(Assignment):
Please restate word for word the lines from the top of the entries through the line that contains "line L351 (-46.1708, 93.9243)", and do not include any pictures.

(Material provided):
━━━━━━━━━━━━━━━━━━━━━━━━━━━━━━
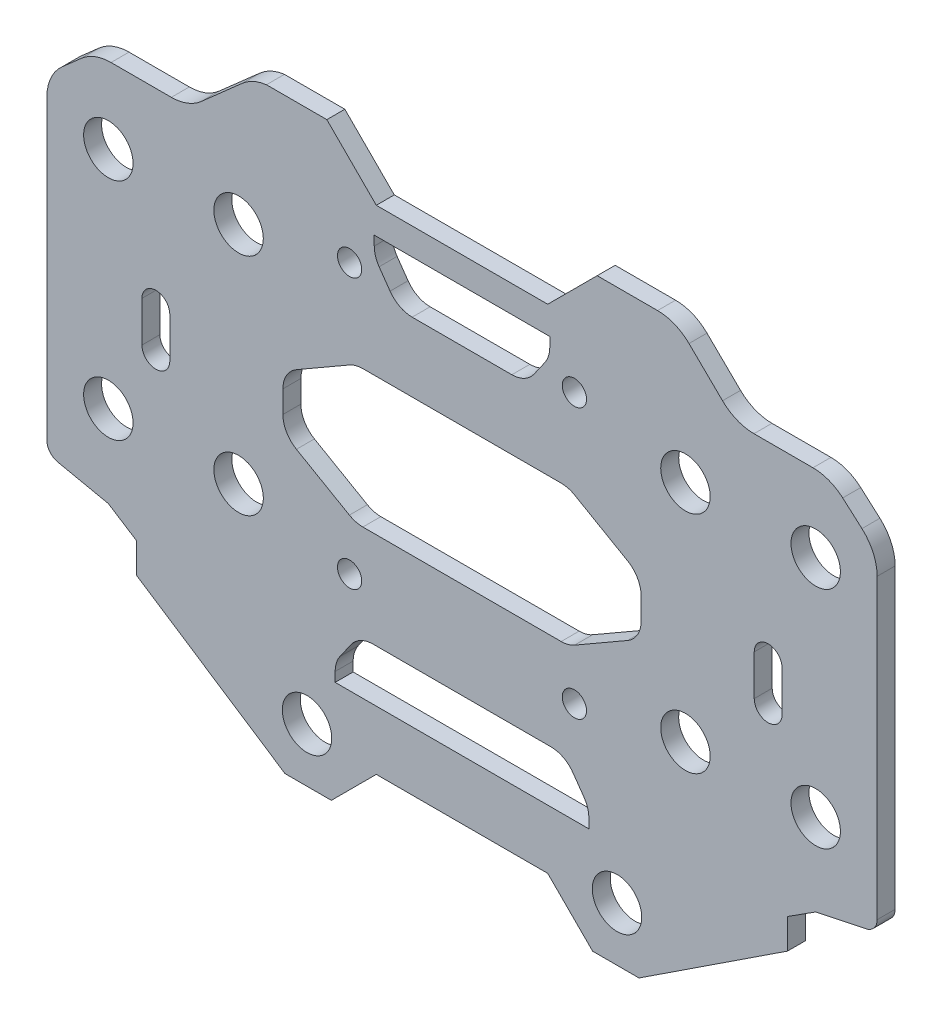
SolidWorks part; units mm, degrees
material "PPS"
ref_plane "前视基准面" through (0, 0, 0) normal (0, 0, 1) x (1, 0, 0)
ref_plane "上视基准面" through (0, 0, 0) normal (0, 1, 0) x (1, 0, 0)
ref_plane "右视基准面" through (0, 0, 0) normal (1, 0, 0) x (0, 0, -1)
sketch "主结构参考" plane through (0, 0, 0) normal (0, 0, 1) x (1, 0, 0)
  line L257 (0, -1000) -> (0, 49000) construction
  line L346 (0, 0) -> (635.1265, 0) construction
  line L351 (-46.1708, 93.9243) -> (-46.1708, 145) construction
  line L358 (-27.9426, 92.9426) -> (-32.5, 97.5) construction
  line L394 (-24.4478, 142.8678) -> (-29.0158, 138.8343)
  line L411 (-32.3253, 137.5823) -> (-39.0335, 137.5823)
  line L414 (-42.3429, 136.3303) -> (-44.4803, 134.4431)
  line L445 (-46.1708, 130.695) -> (-46.1708, 97.6208)
  line L472 (42.3429, 136.3303) -> (44.4803, 134.4431)
  line L494 (46.1729, 155.4291) -> (33.7932, 145.5483) construction
  line L496 (32.4724, 137.5823) -> (39.0335, 137.5823)
  line L497 (25.2455, 142.6568) -> (28.9763, 139.0078)
  line L498 (27.9426, 92.9426) -> (32.5, 97.5) construction
  line L501 (-46.2756, 154.6927) -> (-33.8959, 144.8119) construction
  line L595 (-39.3354, 129.0823) -> (-39.3354, 104.0823) construction
  line L626 (-31.6538, 83.28) -> (-46.1708, 93.9243) construction
  line L628 (-39.3354, 116.5823) -> (0, 116.5823) construction
  line L629 (-15.0322, 144.0823) -> (-9.5322, 138.5823)
  line L630 (-9.5322, 138.5823) -> (9.5322, 138.5823)
  line L631 (15.0322, 144.0823) -> (9.5322, 138.5823)
  line L633 (-21.7494, 144.0823) -> (-15.0322, 144.0823)
  line L635 (15.0322, 144.0823) -> (21.7494, 144.0823)
  line L641 (-9.5322, 83.7633) -> (9.5322, 83.7633)
  line L643 (-9.5322, 83.7633) -> (-14.5322, 78.7633)
  line L644 (30.4418, 78.7633) -> (14.5322, 78.7633) construction
  line L645 (9.5322, 83.7633) -> (14.5322, 78.7633)
  line L646 (11.4529, 96.1323) -> (-11.4529, 96.1323)
  line L647 (-11.4529, 96.1323) -> (-14.109, 92.339)
  line L648 (-14.109, 92.339) -> (-14.109, 90.339)
  line L649 (-14.109, 90.339) -> (14.109, 90.339)
  line L652 (14.109, 92.339) -> (14.109, 90.339)
  line L653 (11.4529, 96.1323) -> (14.109, 92.339)
  line L666 (-35.6, 116.5823) -> (-35.6, 112.0823)
  line L668 (-32.5, 116.5823) -> (-32.5, 112.0823)
  line L670 (35.6, 116.5823) -> (35.6, 112.0823)
  line L671 (32.5, 116.5823) -> (32.5, 112.0823)
  line L681 (-19.6882, 78.7633) -> (-14.5322, 78.7633)
  line L686 (14.5322, 78.7633) -> (19.6882, 78.7633)
  line L687 (-44.9631, 96.1323) -> (-39.3354, 94.9475)
  line L688 (-39.3354, 94.9475) -> (-36.2, 92.9426)
  line L691 (-36.2, 92.9426) -> (-36.2, 89.6081)
  line L692 (-36.2, 89.6081) -> (-19.6882, 78.7633)
  line L693 (36.2, 89.6081) -> (19.6882, 78.7633)
  line L694 (36.2, 92.9426) -> (36.2, 89.6081)
  line L695 (39.3354, 94.9475) -> (36.2, 92.9426)
  line L696 (44.9631, 96.1323) -> (39.3354, 94.9475)
  line L697 (46.1708, 130.695) -> (46.1708, 97.6208)
  line L700 (-19.9188, 111.5033) -> (-11.83, 106.844)
  line L701 (-11.83, 106.844) -> (11.83, 106.844)
  line L706 (19.9188, 111.5033) -> (11.83, 106.844)
  line L709 (-7.1054, 129.7982) -> (7.1054, 129.7982)
  line L710 (7.1054, 129.7982) -> (9.7615, 133.5915)
  line L711 (9.7615, 133.5915) -> (9.7615, 135.5915)
  line L712 (9.7615, 135.5915) -> (-9.7615, 135.5915)
  line L713 (-9.7615, 133.5915) -> (-9.7615, 135.5915)
  line L714 (-7.1054, 129.7982) -> (-9.7615, 133.5915)
  line L715 (-13.3043, 114.4722) -> (9.7615, 114.4722) construction
  line L717 (19.9188, 111.5033) -> (19.9188, 117.4411)
  line L719 (-19.9188, 111.5033) -> (-19.9188, 117.4411)
  line L720 (19.9188, 117.4411) -> (11.83, 122.1004)
  line L721 (-19.9188, 117.4411) -> (-11.83, 122.1004)
  line L722 (-11.83, 122.1004) -> (11.83, 122.1004)
  circle A384 centre (39.3354, 129.0823) radius 2.75
  circle A385 centre (39.3354, 104.0823) radius 2.75
  circle A390 centre (17.238, 84.7633) radius 2.75
  circle A420 centre (-17.238, 84.7633) radius 2.75
  circle A421 centre (-39.3354, 104.0823) radius 2.75
  circle A422 centre (-39.3354, 129.0823) radius 2.75
  arc A453 (32.7926, 143.0294) -> (32.5, 97.5) centre (-120.6696, 121.25) cw construction
  arc A454 (-32.8936, 142.3057) -> (-32.5, 97.5) centre (120.6696, 121.25) ccw construction
  arc A455 (-27.9426, 92.9426) -> (27.9426, 92.9426) centre (0, 290.981) ccw construction
  arc A456 (33.7932, 145.5483) -> (32.7926, 143.0294) centre (35.4973, 143.4132) ccw construction
  arc A457 (-32.8936, 142.3057) -> (-33.8959, 144.8119) centre (-35.6, 142.6768) ccw construction
  circle A463 centre (24.85, 129.0823) radius 2.75
  circle A464 centre (-24.85, 129.0823) radius 2.75
  circle A465 centre (-24.85, 104.0823) radius 2.75
  circle A466 centre (24.85, 104.0823) radius 2.75
  circle A467 centre (12.5, 131.5823) radius 1.35
  circle A468 centre (-12.5, 131.5823) radius 1.35
  circle A469 centre (-12.5, 101.5823) radius 1.35
  circle A470 centre (12.5, 101.5823) radius 1.35
  arc A473 (-44.4803, 134.4431) -> (-46.1708, 130.695) centre (-41.1708, 130.695) ccw
  arc A474 (-39.0335, 137.5823) -> (-42.3429, 136.3303) centre (-39.0335, 132.5823) ccw
  arc A475 (46.1708, 130.695) -> (44.4803, 134.4431) centre (41.1708, 130.695) ccw
  arc A476 (42.3429, 136.3303) -> (39.0335, 137.5823) centre (39.0335, 132.5823) ccw
  arc A477 (32.4724, 137.5823) -> (28.9763, 139.0078) centre (32.4724, 142.5823) cw
  arc A478 (-29.0158, 138.8343) -> (-32.3253, 137.5823) centre (-32.3253, 142.5823) cw
  arc A479 (25.2455, 142.6568) -> (21.7494, 144.0823) centre (21.7494, 139.0823) ccw
  arc A480 (-21.7494, 144.0823) -> (-24.4478, 142.8678) centre (-21.1384, 139.1198) ccw
  arc A481 (-35.6, 116.5823) -> (-32.5, 116.5823) centre (-34.05, 116.5823) cw
  arc A484 (-35.6, 112.0823) -> (-32.5, 112.0823) centre (-34.05, 112.0823) ccw
  arc A486 (35.6, 116.5823) -> (32.5, 116.5823) centre (34.05, 116.5823) ccw
  arc A487 (35.6, 112.0823) -> (32.5, 112.0823) centre (34.05, 112.0823) cw
  arc A490 (-46.1708, 97.6208) -> (-44.9631, 96.1323) centre (-44.6497, 97.6208) ccw
  arc A491 (46.1708, 97.6208) -> (44.9631, 96.1323) centre (44.6497, 97.6208) cw
  point P15 (0, 78.5133)
  point P46 (-46.1708, 132.9503)
  point P50 (-40.925, 137.5823)
  point P53 (46.1708, 132.9503)
  point P56 (40.925, 137.5823)
  point P59 (30.4337, 137.5823)
  point P62 (-30.4337, 137.5823)
  point P65 (23.8205, 144.5823)
  point P69 (-23.8205, 144.5823)
  point P76 (0, 138.5823)
  point P90 (0, 90.339)
  point P92 (0, 96.1323)
  point P110 (18.9567, 119.8323)
  point P118 (0.085, 119.8323)
  point P120 (0.2293, 125.6256)
  point P121 (0, 106.844)
  point P123 (-35.6, 89.214)
  point P124 (6.2431, 127.445)
  point P133 (0, 135.5915)
  point P136 (0, 129.7982)
  point P144 (19.9188, 114.4722)
  point P151 (-19.9188, 114.4722)
  point P152 (-36.0936, 87.9203)
  point P153 (-39.3354, 94.9475)
  point P154 (-36.2, 92.9426)
  point P158 (0, 0)
  point P160 (22.4198, 124.6139)
  dimension "D1" = 84.7633
  dimension "D2" = 17.238
  dimension "D5" = 44.319
  dimension "D6" = 19.319
  dimension "D7" = 22.0974
  dimension "D8" = 22.0974
  dimension "D9" = 6.5
  dimension "D11" = 46.1708
  dimension "D15" = 33.5
  dimension "D17" = 6
  dimension "D23" = 30
  dimension "D38" = 5.5
  dimension "D39" = 155
  dimension "D40" = 200
  dimension "D20" = 5.5
  dimension "D21" = 2.7
  dimension "D22" = 12.5
  dimension "D27" = 135
  dimension "D31" = 1.55
  dimension "D10" = 138.556
  dimension "D12" = 31.6538
  dimension "D13" = 93.9243
  dimension "D14" = 83.28
  dimension "D16" = 5.5
  dimension "D18" = 24.85
  dimension "D19" = 12.5
  dimension "D25" = 5
  dimension "D26" = 135
  dimension "D28" = 125
  dimension "D29" = 2
  dimension "D30" = 20.45
  dimension "D32" = 32.5
  dimension "D33" = 4.5
extrude "凸台-拉伸1" add sketch "主结构参考" along normal blind 2
fillet "圆角1" radius 3 16 edges at (-9.7615, 133.5915, 1) (9.7615, 133.5915, 1) (7.1054, 129.7982, 1) (-7.1054, 129.7982, 1) (14.109, 92.339, 1) (-14.109, 92.339, 1) (11.4529, 96.1323, 1) (-11.4529, 96.1323, 1) (11.83, 106.844, 1) (19.9188, 111.5033, 1) (-11.83, 106.844, 1) (-19.9188, 111.5033, 1) (19.9188, 117.4411, 1) (11.83, 122.1004, 1) (-19.9188, 117.4411, 1) (-11.83, 122.1004, 1)
━━━━━━━━━━━━━━━━━━━━━━━━━━━━━━
(Output for this task):
SolidWorks part; units mm, degrees
material "PPS"
ref_plane "前视基准面" through (0, 0, 0) normal (0, 0, 1) x (1, 0, 0)
ref_plane "上视基准面" through (0, 0, 0) normal (0, 1, 0) x (1, 0, 0)
ref_plane "右视基准面" through (0, 0, 0) normal (1, 0, 0) x (0, 0, -1)
sketch "主结构参考" plane through (0, 0, 0) normal (0, 0, 1) x (1, 0, 0)
  line L257 (0, -1000) -> (0, 49000) construction
  line L346 (0, 0) -> (635.1265, 0) construction
  line L351 (-46.1708, 93.9243) -> (-46.1708, 145) construction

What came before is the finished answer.